Signora mia, signora mia – sì sì, proprio lei!
Ho notato che sta per premere play sul nuovo La mano sulla culla su Disney+!
Guardi, se ha qualche minuto le mansplaino questo film di menare di donne che si contendono il focolare domestico, così magari non occupa le prossime due ore con la brutta versione di qualcosa che ha già visto, che ne dice?
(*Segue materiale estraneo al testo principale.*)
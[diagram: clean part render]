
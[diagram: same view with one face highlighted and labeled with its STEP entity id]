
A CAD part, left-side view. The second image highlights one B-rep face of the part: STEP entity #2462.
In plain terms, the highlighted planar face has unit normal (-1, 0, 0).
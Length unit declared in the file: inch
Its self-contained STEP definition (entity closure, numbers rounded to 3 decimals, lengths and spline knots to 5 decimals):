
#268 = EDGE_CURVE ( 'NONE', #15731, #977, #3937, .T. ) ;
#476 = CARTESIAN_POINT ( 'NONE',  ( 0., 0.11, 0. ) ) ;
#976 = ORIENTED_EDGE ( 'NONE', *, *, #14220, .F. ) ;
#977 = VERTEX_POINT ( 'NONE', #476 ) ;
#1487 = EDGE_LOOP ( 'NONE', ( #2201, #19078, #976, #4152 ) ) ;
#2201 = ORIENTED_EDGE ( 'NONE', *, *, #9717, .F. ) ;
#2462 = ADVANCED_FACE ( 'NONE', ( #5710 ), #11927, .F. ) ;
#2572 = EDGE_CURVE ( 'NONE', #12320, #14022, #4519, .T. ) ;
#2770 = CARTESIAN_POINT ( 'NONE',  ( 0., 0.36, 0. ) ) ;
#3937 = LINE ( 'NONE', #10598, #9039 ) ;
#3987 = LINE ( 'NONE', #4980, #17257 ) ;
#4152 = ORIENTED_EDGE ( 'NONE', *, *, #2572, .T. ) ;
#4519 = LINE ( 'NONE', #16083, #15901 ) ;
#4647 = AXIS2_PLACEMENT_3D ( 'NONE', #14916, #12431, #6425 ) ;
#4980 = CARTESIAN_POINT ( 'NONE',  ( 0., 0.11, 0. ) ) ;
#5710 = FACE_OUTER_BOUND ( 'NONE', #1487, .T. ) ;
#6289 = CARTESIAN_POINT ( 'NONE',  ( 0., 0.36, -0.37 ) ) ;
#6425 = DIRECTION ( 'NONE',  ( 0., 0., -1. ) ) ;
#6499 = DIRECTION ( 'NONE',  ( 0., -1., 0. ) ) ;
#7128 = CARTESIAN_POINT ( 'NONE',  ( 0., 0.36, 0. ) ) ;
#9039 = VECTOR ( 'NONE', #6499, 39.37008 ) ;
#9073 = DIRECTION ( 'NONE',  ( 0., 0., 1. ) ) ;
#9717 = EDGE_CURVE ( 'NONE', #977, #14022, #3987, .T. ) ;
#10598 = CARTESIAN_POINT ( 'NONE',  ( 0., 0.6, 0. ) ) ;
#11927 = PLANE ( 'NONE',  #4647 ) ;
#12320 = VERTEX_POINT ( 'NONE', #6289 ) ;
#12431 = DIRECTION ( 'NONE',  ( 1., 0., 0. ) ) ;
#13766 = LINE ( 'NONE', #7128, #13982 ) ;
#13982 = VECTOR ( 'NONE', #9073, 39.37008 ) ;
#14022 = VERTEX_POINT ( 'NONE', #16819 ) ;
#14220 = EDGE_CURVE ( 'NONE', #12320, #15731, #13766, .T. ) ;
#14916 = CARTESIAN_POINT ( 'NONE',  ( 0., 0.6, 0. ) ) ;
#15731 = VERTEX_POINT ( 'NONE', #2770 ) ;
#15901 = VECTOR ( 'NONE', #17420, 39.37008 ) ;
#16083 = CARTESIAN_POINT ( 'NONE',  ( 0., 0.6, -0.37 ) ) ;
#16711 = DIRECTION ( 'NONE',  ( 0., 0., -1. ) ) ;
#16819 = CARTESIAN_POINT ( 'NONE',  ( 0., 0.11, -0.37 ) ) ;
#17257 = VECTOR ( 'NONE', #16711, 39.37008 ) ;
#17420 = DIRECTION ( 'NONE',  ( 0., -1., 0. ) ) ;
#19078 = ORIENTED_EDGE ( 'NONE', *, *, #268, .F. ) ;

Si è già chiesta, signora, perché qualche capoccia hollywoodiano abbia rimesso mano a uno di quei titoloni che ronza nella testa di tutti, ma per tutti i motivi sbagliati?
Certo, l’originale del 1992 fu un successone di sala e home video, forte di un high concept d’acciaio e di quell’irresistibile appeal unisex dei thriller domestico-eroticheggianti. Passi la nostalgia, passi che in trent’anni questo modello è stato rimasticato in mille boli diversi, passi che tutto ciò nel 2025 è già motivo sufficiente per mandare in produzione la qualsiasi, ma cosa può giustificare questo remake?
Signora mia, si segga pure che cerchiamo di venirne a capo.

La Maika sulla culla

Caitlin, avvocata losangelina idealista ma dal discreto portafoglio, dà alla luce la sua seconda bambina, mentre si divide tra un marito attento ma dedito all’inutilità e una primogenita che già brucia di un fuoco preadolescenziale. Ad un tratto arriva Polly, nanny squattrinata che Caitlin ri-incontra per “caso” dopo aver già assistito in passato: a colpi di osservazioni sull’olio di palma e microplastiche, Polly passa in pochi giorni da un babysitting occasionale a diventare la ragazza alla pari della famiglia. Al contrario del film originale, Polly non perde molto tempo in ciance: fa pressione sul clima di controllo che l’ansia di Caitlin ha già instaurato con marito e primogenita, lo avvelena tra seduzioni, tentazioni e psicofarmaci manomessi, fino a portarlo al punto di rottura. Il movente è la chiave di volta: Polly è in realtà un inaspettato ritorno dal passato di Caitlin, in cerca di vendetta vecchia scuola.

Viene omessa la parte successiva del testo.